━━━━━ GIVEN INFORMATION

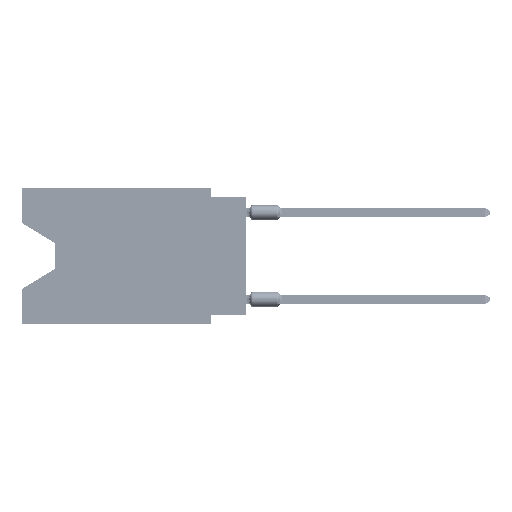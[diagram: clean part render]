
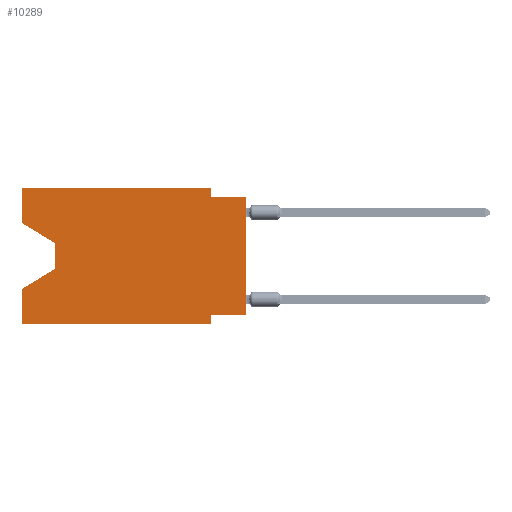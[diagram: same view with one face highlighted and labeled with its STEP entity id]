
A CAD part, left-side view. The second image highlights one B-rep face of the part: STEP entity #10289.
In plain terms, the highlighted planar face has unit normal (-1, 0, 0).
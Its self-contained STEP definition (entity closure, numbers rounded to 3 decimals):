
#3609 = DIRECTION ( 'NONE',  ( 0., 0., 1. ) ) ;
#4931 = EDGE_CURVE ( 'NONE', #17373, #41994, #17701, .T. ) ;
#6019 = FACE_OUTER_BOUND ( 'NONE', #15911, .T. ) ;
#6279 = CARTESIAN_POINT ( 'NONE',  ( 0., 16.383, -2.546 ) ) ;
#6322 = DIRECTION ( 'NONE',  ( 0., 0., -1. ) ) ;
#7239 = VERTEX_POINT ( 'NONE', #69543 ) ;
#7958 = VERTEX_POINT ( 'NONE', #50882 ) ;
#7977 = ORIENTED_EDGE ( 'NONE', *, *, #4931, .F. ) ;
#9017 = EDGE_CURVE ( 'NONE', #26967, #64540, #48425, .T. ) ;
#9686 = LINE ( 'NONE', #20018, #24121 ) ;
#10289 = ADVANCED_FACE ( 'NONE', ( #6019 ), #59487, .F. ) ;
#10655 = DIRECTION ( 'NONE',  ( 0., 0., -1. ) ) ;
#13423 = CARTESIAN_POINT ( 'NONE',  ( 0., 13.97, -4.013 ) ) ;
#13834 = DIRECTION ( 'NONE',  ( 0., 0., -1. ) ) ;
#14035 = VECTOR ( 'NONE', #3609, 1000. ) ;
#14691 = DIRECTION ( 'NONE',  ( 0., 0., 1. ) ) ;
#15911 = EDGE_LOOP ( 'NONE', ( #19142, #49990, #54286, #69501, #42773, #57757, #22261, #31472, #7977, #49883, #57065, #53916 ) ) ;
#16721 = EDGE_CURVE ( 'NONE', #33170, #17373, #61953, .T. ) ;
#17373 = VERTEX_POINT ( 'NONE', #43285 ) ;
#17701 = LINE ( 'NONE', #24094, #46990 ) ;
#19111 = LINE ( 'NONE', #13423, #55310 ) ;
#19142 = ORIENTED_EDGE ( 'NONE', *, *, #69647, .T. ) ;
#19218 = VERTEX_POINT ( 'NONE', #56373 ) ;
#19702 = DIRECTION ( 'NONE',  ( 0., -0.855, -0.519 ) ) ;
#20018 = CARTESIAN_POINT ( 'NONE',  ( 0., 16.383, 0. ) ) ;
#21085 = DIRECTION ( 'NONE',  ( 0., 1., 0. ) ) ;
#21438 = CARTESIAN_POINT ( 'NONE',  ( 0., 0., -9.271 ) ) ;
#22261 = ORIENTED_EDGE ( 'NONE', *, *, #41687, .F. ) ;
#22366 = CARTESIAN_POINT ( 'NONE',  ( 0., 2.54, -9.906 ) ) ;
#22782 = VECTOR ( 'NONE', #19702, 1000. ) ;
#23371 = EDGE_CURVE ( 'NONE', #54502, #41994, #64180, .T. ) ;
#23584 = CARTESIAN_POINT ( 'NONE',  ( 0., 13.97, -5.893 ) ) ;
#24094 = CARTESIAN_POINT ( 'NONE',  ( 0., 0., -0.635 ) ) ;
#24121 = VECTOR ( 'NONE', #14691, 1000. ) ;
#24172 = DIRECTION ( 'NONE',  ( 0., 0., 1. ) ) ;
#24516 = CARTESIAN_POINT ( 'NONE',  ( 0., 16.383, 0. ) ) ;
#26543 = DIRECTION ( 'NONE',  ( 0., 0.855, -0.519 ) ) ;
#26967 = VERTEX_POINT ( 'NONE', #42232 ) ;
#27241 = CARTESIAN_POINT ( 'NONE',  ( 0., 13.97, -5.893 ) ) ;
#27286 = VECTOR ( 'NONE', #26543, 1000. ) ;
#27478 = CARTESIAN_POINT ( 'NONE',  ( 0., 2.54, -9.906 ) ) ;
#27803 = EDGE_CURVE ( 'NONE', #26967, #7239, #50575, .T. ) ;
#28559 = VERTEX_POINT ( 'NONE', #65169 ) ;
#29102 = VECTOR ( 'NONE', #63996, 1000. ) ;
#31472 = ORIENTED_EDGE ( 'NONE', *, *, #23371, .T. ) ;
#31867 = VECTOR ( 'NONE', #24172, 1000. ) ;
#33170 = VERTEX_POINT ( 'NONE', #60333 ) ;
#34088 = LINE ( 'NONE', #6279, #22782 ) ;
#35867 = DIRECTION ( 'NONE',  ( 0., 0., -1. ) ) ;
#36252 = EDGE_CURVE ( 'NONE', #19218, #33170, #41887, .T. ) ;
#37494 = LINE ( 'NONE', #21438, #50350 ) ;
#38062 = VERTEX_POINT ( 'NONE', #23584 ) ;
#38452 = CARTESIAN_POINT ( 'NONE',  ( 0., 16.383, 0. ) ) ;
#38802 = DIRECTION ( 'NONE',  ( 0., -1., 0. ) ) ;
#39440 = DIRECTION ( 'NONE',  ( 0., -1., 0. ) ) ;
#41346 = EDGE_CURVE ( 'NONE', #38062, #7239, #42912, .T. ) ;
#41687 = EDGE_CURVE ( 'NONE', #54502, #28559, #37494, .T. ) ;
#41887 = LINE ( 'NONE', #62925, #29102 ) ;
#41994 = VERTEX_POINT ( 'NONE', #45434 ) ;
#42232 = CARTESIAN_POINT ( 'NONE',  ( 0., 16.383, -9.906 ) ) ;
#42654 = EDGE_CURVE ( 'NONE', #7958, #19218, #9686, .T. ) ;
#42773 = ORIENTED_EDGE ( 'NONE', *, *, #9017, .T. ) ;
#42912 = LINE ( 'NONE', #27241, #27286 ) ;
#43273 = VECTOR ( 'NONE', #6322, 1000. ) ;
#43285 = CARTESIAN_POINT ( 'NONE',  ( 0., 2.54, -0.635 ) ) ;
#43766 = CARTESIAN_POINT ( 'NONE',  ( 0., 16.383, -9.906 ) ) ;
#45434 = CARTESIAN_POINT ( 'NONE',  ( 0., 0., -0.635 ) ) ;
#46362 = VECTOR ( 'NONE', #13834, 1000. ) ;
#46990 = VECTOR ( 'NONE', #39440, 1000. ) ;
#47098 = CARTESIAN_POINT ( 'NONE',  ( 0., 0., -9.271 ) ) ;
#48056 = CARTESIAN_POINT ( 'NONE',  ( 0., 13.97, -4.013 ) ) ;
#48425 = LINE ( 'NONE', #43766, #51933 ) ;
#49500 = DIRECTION ( 'NONE',  ( 1., 0., 0. ) ) ;
#49883 = ORIENTED_EDGE ( 'NONE', *, *, #16721, .F. ) ;
#49990 = ORIENTED_EDGE ( 'NONE', *, *, #62215, .T. ) ;
#50350 = VECTOR ( 'NONE', #21085, 1000. ) ;
#50575 = LINE ( 'NONE', #24516, #31867 ) ;
#50882 = CARTESIAN_POINT ( 'NONE',  ( 0., 16.383, -2.546 ) ) ;
#51933 = VECTOR ( 'NONE', #38802, 1000. ) ;
#52252 = VERTEX_POINT ( 'NONE', #48056 ) ;
#53916 = ORIENTED_EDGE ( 'NONE', *, *, #42654, .F. ) ;
#54286 = ORIENTED_EDGE ( 'NONE', *, *, #41346, .T. ) ;
#54455 = LINE ( 'NONE', #22366, #43273 ) ;
#54502 = VERTEX_POINT ( 'NONE', #47098 ) ;
#55310 = VECTOR ( 'NONE', #35867, 1000. ) ;
#56373 = CARTESIAN_POINT ( 'NONE',  ( 0., 16.383, 0. ) ) ;
#56953 = CARTESIAN_POINT ( 'NONE',  ( 0., 2.54, 0. ) ) ;
#57065 = ORIENTED_EDGE ( 'NONE', *, *, #36252, .F. ) ;
#57561 = AXIS2_PLACEMENT_3D ( 'NONE', #38452, #49500, #10655 ) ;
#57757 = ORIENTED_EDGE ( 'NONE', *, *, #69452, .F. ) ;
#59487 = PLANE ( 'NONE',  #57561 ) ;
#60333 = CARTESIAN_POINT ( 'NONE',  ( 0., 2.54, 0. ) ) ;
#61953 = LINE ( 'NONE', #56953, #46362 ) ;
#62215 = EDGE_CURVE ( 'NONE', #52252, #38062, #19111, .T. ) ;
#62925 = CARTESIAN_POINT ( 'NONE',  ( 0., 16.383, 0. ) ) ;
#63484 = CARTESIAN_POINT ( 'NONE',  ( 0., 0., 0. ) ) ;
#63996 = DIRECTION ( 'NONE',  ( 0., -1., 0. ) ) ;
#64180 = LINE ( 'NONE', #63484, #14035 ) ;
#64540 = VERTEX_POINT ( 'NONE', #27478 ) ;
#65169 = CARTESIAN_POINT ( 'NONE',  ( 0., 2.54, -9.271 ) ) ;
#69452 = EDGE_CURVE ( 'NONE', #28559, #64540, #54455, .T. ) ;
#69501 = ORIENTED_EDGE ( 'NONE', *, *, #27803, .F. ) ;
#69543 = CARTESIAN_POINT ( 'NONE',  ( 0., 16.383, -7.36 ) ) ;
#69647 = EDGE_CURVE ( 'NONE', #7958, #52252, #34088, .T. ) ;

━━━━━━━━━━

* [WHAT THIS TASK INVOLVES]: For this exercise, copy each line of the data above exactly, from the first through the line containing "#19218 = VERTEX_POINT ( 'NONE', #56373 ) ;", and drop the pictures.

* [WRITTEN RESPONSE]:
[diagram: clean part render]
[diagram: same view with one face highlighted and labeled with its STEP entity id]
A CAD part, left-side view. The second image highlights one B-rep face of the part: STEP entity #10289.
In plain terms, the highlighted planar face has unit normal (-1, 0, 0).
Its self-contained STEP definition (entity closure, numbers rounded to 3 decimals):
#3609 = DIRECTION ( 'NONE',  ( 0., 0., 1. ) ) ;
#4931 = EDGE_CURVE ( 'NONE', #17373, #41994, #17701, .T. ) ;
#6019 = FACE_OUTER_BOUND ( 'NONE', #15911, .T. ) ;
#6279 = CARTESIAN_POINT ( 'NONE',  ( 0., 16.383, -2.546 ) ) ;
#6322 = DIRECTION ( 'NONE',  ( 0., 0., -1. ) ) ;
#7239 = VERTEX_POINT ( 'NONE', #69543 ) ;
#7958 = VERTEX_POINT ( 'NONE', #50882 ) ;
#7977 = ORIENTED_EDGE ( 'NONE', *, *, #4931, .F. ) ;
#9017 = EDGE_CURVE ( 'NONE', #26967, #64540, #48425, .T. ) ;
#9686 = LINE ( 'NONE', #20018, #24121 ) ;
#10289 = ADVANCED_FACE ( 'NONE', ( #6019 ), #59487, .F. ) ;
#10655 = DIRECTION ( 'NONE',  ( 0., 0., -1. ) ) ;
#13423 = CARTESIAN_POINT ( 'NONE',  ( 0., 13.97, -4.013 ) ) ;
#13834 = DIRECTION ( 'NONE',  ( 0., 0., -1. ) ) ;
#14035 = VECTOR ( 'NONE', #3609, 1000. ) ;
#14691 = DIRECTION ( 'NONE',  ( 0., 0., 1. ) ) ;
#15911 = EDGE_LOOP ( 'NONE', ( #19142, #49990, #54286, #69501, #42773, #57757, #22261, #31472, #7977, #49883, #57065, #53916 ) ) ;
#16721 = EDGE_CURVE ( 'NONE', #33170, #17373, #61953, .T. ) ;
#17373 = VERTEX_POINT ( 'NONE', #43285 ) ;
#17701 = LINE ( 'NONE', #24094, #46990 ) ;
#19111 = LINE ( 'NONE', #13423, #55310 ) ;
#19142 = ORIENTED_EDGE ( 'NONE', *, *, #69647, .T. ) ;
#19218 = VERTEX_POINT ( 'NONE', #56373 ) ;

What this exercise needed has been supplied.